AIM OF THE EXERCISE: Only the lines from the start of the entries through the line with "- net +BATT: now" should be returned, each exactly as it stands, and no pictures.

INPUT DATA:
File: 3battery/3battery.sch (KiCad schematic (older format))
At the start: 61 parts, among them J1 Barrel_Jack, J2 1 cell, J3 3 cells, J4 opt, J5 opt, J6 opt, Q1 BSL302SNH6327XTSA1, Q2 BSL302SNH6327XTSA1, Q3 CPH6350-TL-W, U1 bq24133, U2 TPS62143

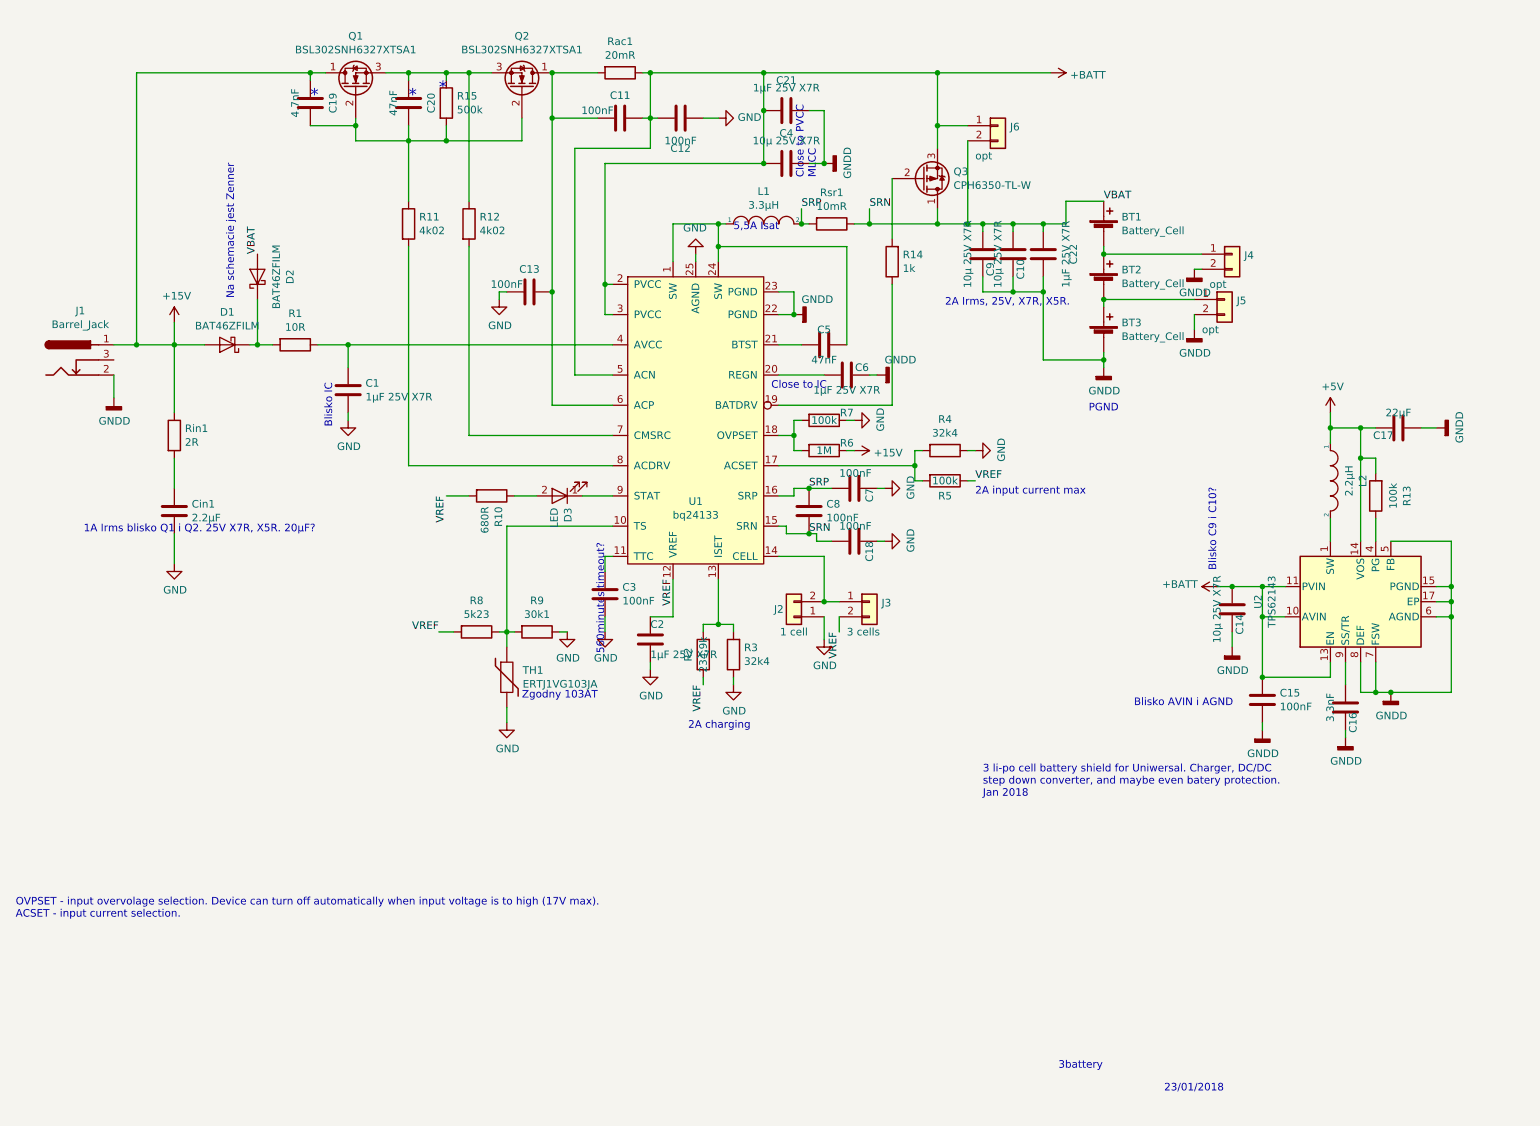
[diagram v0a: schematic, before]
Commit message: Main board and proto-board added
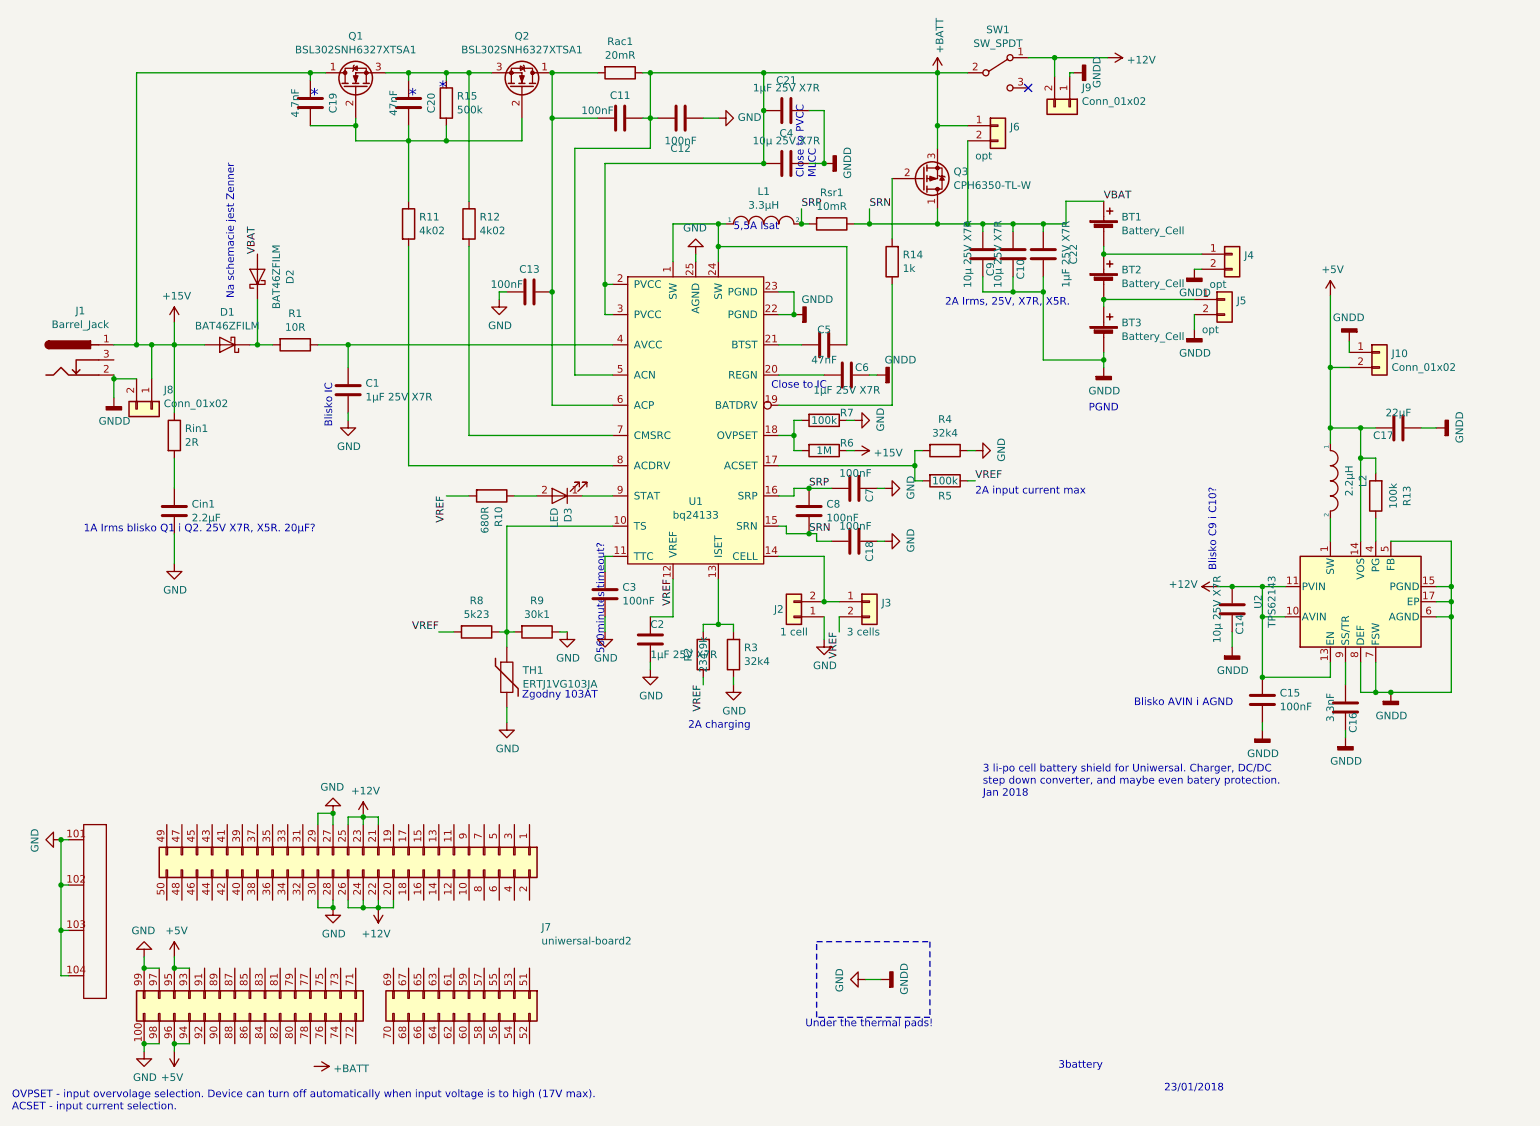
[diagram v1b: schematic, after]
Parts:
- added J10, J8, J9: Conn_01x02, Connector_PinHeader_2.54mm:PinHeader_1x02_P2.54mm_Vertical, symbol Connector_Generic:Conn_01x02
- added J7: uniwersal-board2, iwasz:uniwersal-board, symbol iwasz-kicad:uniwersal-board2
- added SW1: SW_SPDT, Button_Switch_THT:SW_CuK_OS102011MA1QN1_SPDT_Angled, symbol Switch:SW_SPDT
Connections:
- net GNDD is gone; now on net GND: BT3.2 (-), C10.1, C14.1, C15.2, C16.1, C17.2, C21.1, C22.1, C4.1, C6.1, C9.1, J1.2, J4.2 (Pin_2), J5.2 (Pin_2), U1.22 (PGND), U1.23 (PGND), U2.15 (PGND), U2.16 (PGND), U2.17 (EP), U2.5 (FB), U2.6 (AGND), U2.7 (FSW), U2.8 (DEF)
- net +15V: now also J8.1 (Pin_1)
- net +5V: now also J10.2 (Pin_2), J7.93 (Pin_23), J7.94 (Pin_24), J7.95 (Pin_25), J7.96 (Pin_26)
- net +BATT: now also SW1.2 (B); no longer C14.2, C15.1, U2.10 (AVIN), U2.11 (PVIN), U2.12 (PVIN), U2.13 (EN)
- net GND: now also J10.1 (Pin_1), J7.100 (Pin_30), J7.101, J7.102, J7.103, J7.104, J7.27 (Pin_27), J7.28 (Pin_28), J7.29 (Pin_29), J7.30 (Pin_30), J7.97 (Pin_27), J7.98 (Pin_28), J7.99 (Pin_29), J8.2 (Pin_2), J9.1 (Pin_1)
- new net +12V: C14.2, C15.1, J7.20 (Pin_20), J7.21 (Pin_21), J7.22 (Pin_22), J7.23 (Pin_23), J7.24 (Pin_24), J7.25 (Pin_25), J7.26 (Pin_26), J9.2 (Pin_2), SW1.1 (A), U2.10 (AVIN), U2.11 (PVIN), U2.12 (PVIN), U2.13 (EN)
- no-connect marks 0 -> 1
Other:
- note added: "Under the thermal pads!"

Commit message: Gerbers directory added, and domcumentation improved
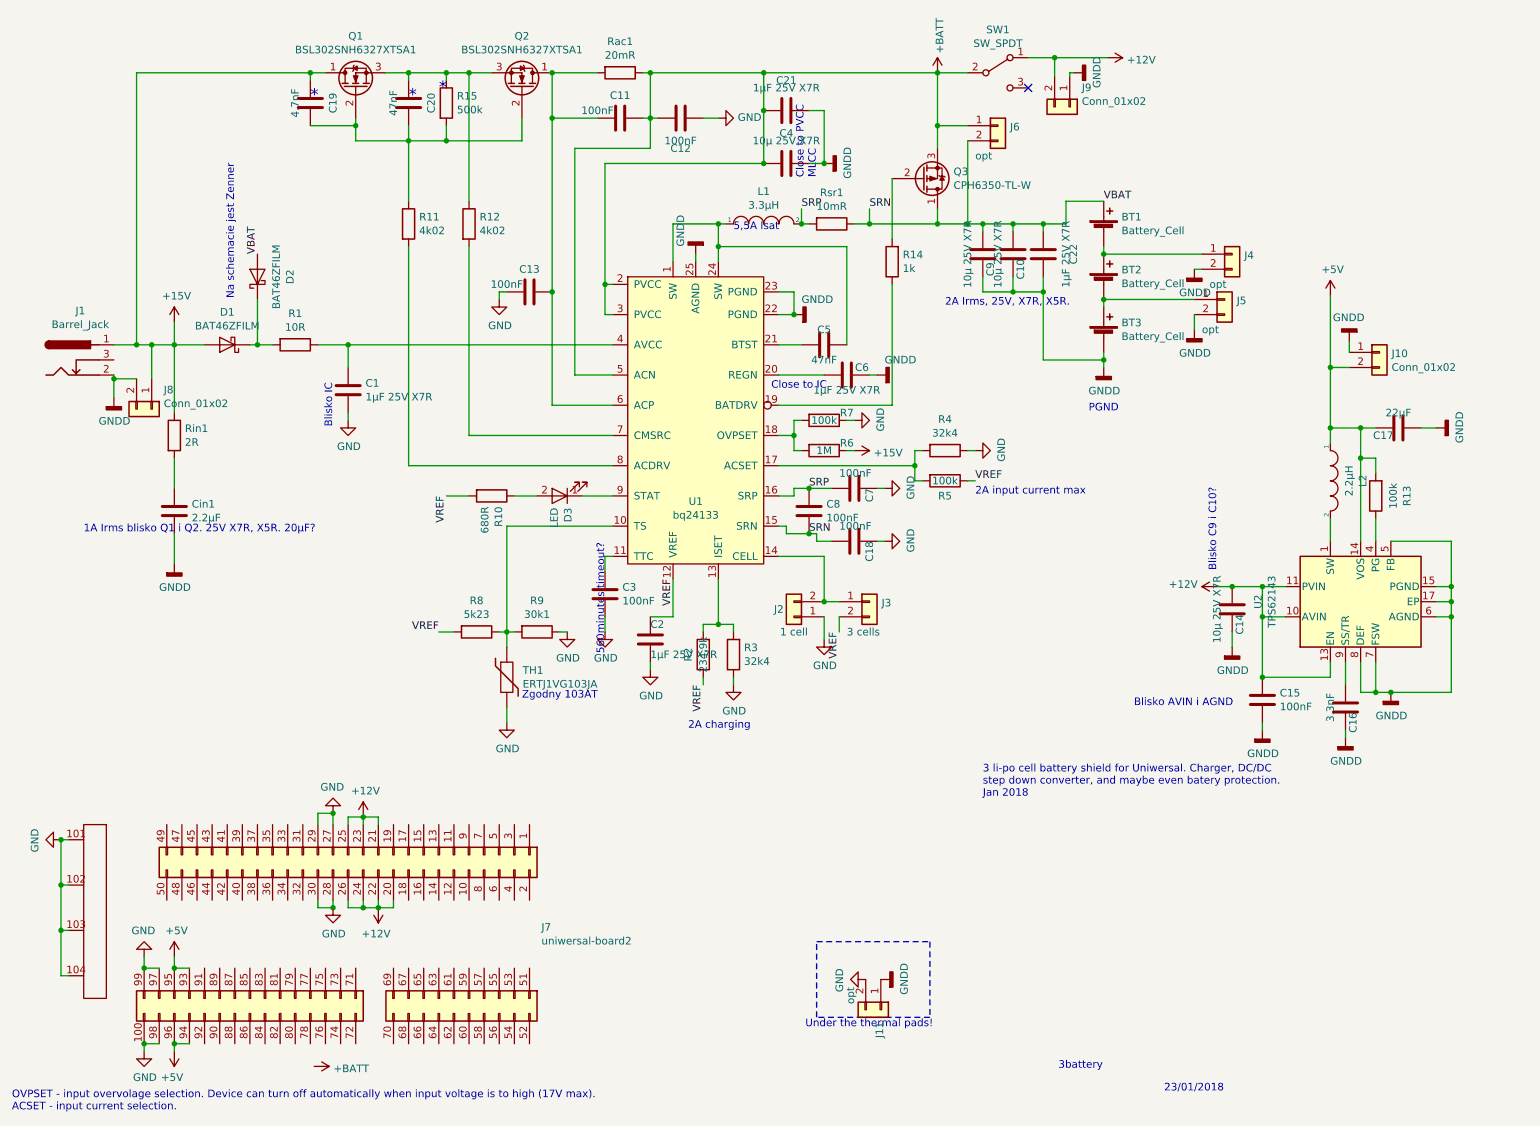
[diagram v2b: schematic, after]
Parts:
- added J11: opt, Resistor_SMD:R_0402_1005Metric, symbol Connector_Generic:Conn_01x02
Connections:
- net GND: now also J11.2 (Pin_2); no longer BT3.2 (-), C10.1, C14.1, C15.2, C16.1, C17.2, C21.1, C22.1, C4.1, C6.1, C9.1, Cin1.2, J1.2, J10.1 (Pin_1), J4.2 (Pin_2), J5.2 (Pin_2), J8.2 (Pin_2), J9.1 (Pin_1), U1.22 (PGND), U1.23 (PGND), U1.25 (AGND), U2.15 (PGND), U2.16 (PGND), U2.17 (EP), U2.5 (FB), U2.6 (AGND), U2.7 (FSW), U2.8 (DEF)
- new net GNDD: BT3.2 (-), C10.1, C14.1, C15.2, C16.1, C17.2, C21.1, C22.1, C4.1, C6.1, C9.1, Cin1.2, J1.2, J10.1 (Pin_1), J11.1 (Pin_1), J4.2 (Pin_2), J5.2 (Pin_2), J8.2 (Pin_2), J9.1 (Pin_1), U1.22 (PGND), U1.23 (PGND), U1.25 (AGND), U2.15 (PGND), U2.16 (PGND), U2.17 (EP), U2.5 (FB), U2.6 (AGND), U2.7 (FSW), U2.8 (DEF)
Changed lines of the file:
@@
-	1    0    0    -1
-$EndComp
-$Comp
-L power:GND #PWR01
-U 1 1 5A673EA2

RESPONSE FOR THIS EXERCISE:
File: 3battery/3battery.sch (KiCad schematic (older format))
At the start: 61 parts, among them J1 Barrel_Jack, J2 1 cell, J3 3 cells, J4 opt, J5 opt, J6 opt, Q1 BSL302SNH6327XTSA1, Q2 BSL302SNH6327XTSA1, Q3 CPH6350-TL-W, U1 bq24133, U2 TPS62143

[diagram v0a: schematic, before]
Commit message: Main board and proto-board added
[diagram v1b: schematic, after]
Parts:
- added J10, J8, J9: Conn_01x02, Connector_PinHeader_2.54mm:PinHeader_1x02_P2.54mm_Vertical, symbol Connector_Generic:Conn_01x02
- added J7: uniwersal-board2, iwasz:uniwersal-board, symbol iwasz-kicad:uniwersal-board2
- added SW1: SW_SPDT, Button_Switch_THT:SW_CuK_OS102011MA1QN1_SPDT_Angled, symbol Switch:SW_SPDT
Connections:
- net GNDD is gone; now on net GND: BT3.2 (-), C10.1, C14.1, C15.2, C16.1, C17.2, C21.1, C22.1, C4.1, C6.1, C9.1, J1.2, J4.2 (Pin_2), J5.2 (Pin_2), U1.22 (PGND), U1.23 (PGND), U2.15 (PGND), U2.16 (PGND), U2.17 (EP), U2.5 (FB), U2.6 (AGND), U2.7 (FSW), U2.8 (DEF)
- net +15V: now also J8.1 (Pin_1)
- net +5V: now also J10.2 (Pin_2), J7.93 (Pin_23), J7.94 (Pin_24), J7.95 (Pin_25), J7.96 (Pin_26)
- net +BATT: now also SW1.2 (B); no longer C14.2, C15.1, U2.10 (AVIN), U2.11 (PVIN), U2.12 (PVIN), U2.13 (EN)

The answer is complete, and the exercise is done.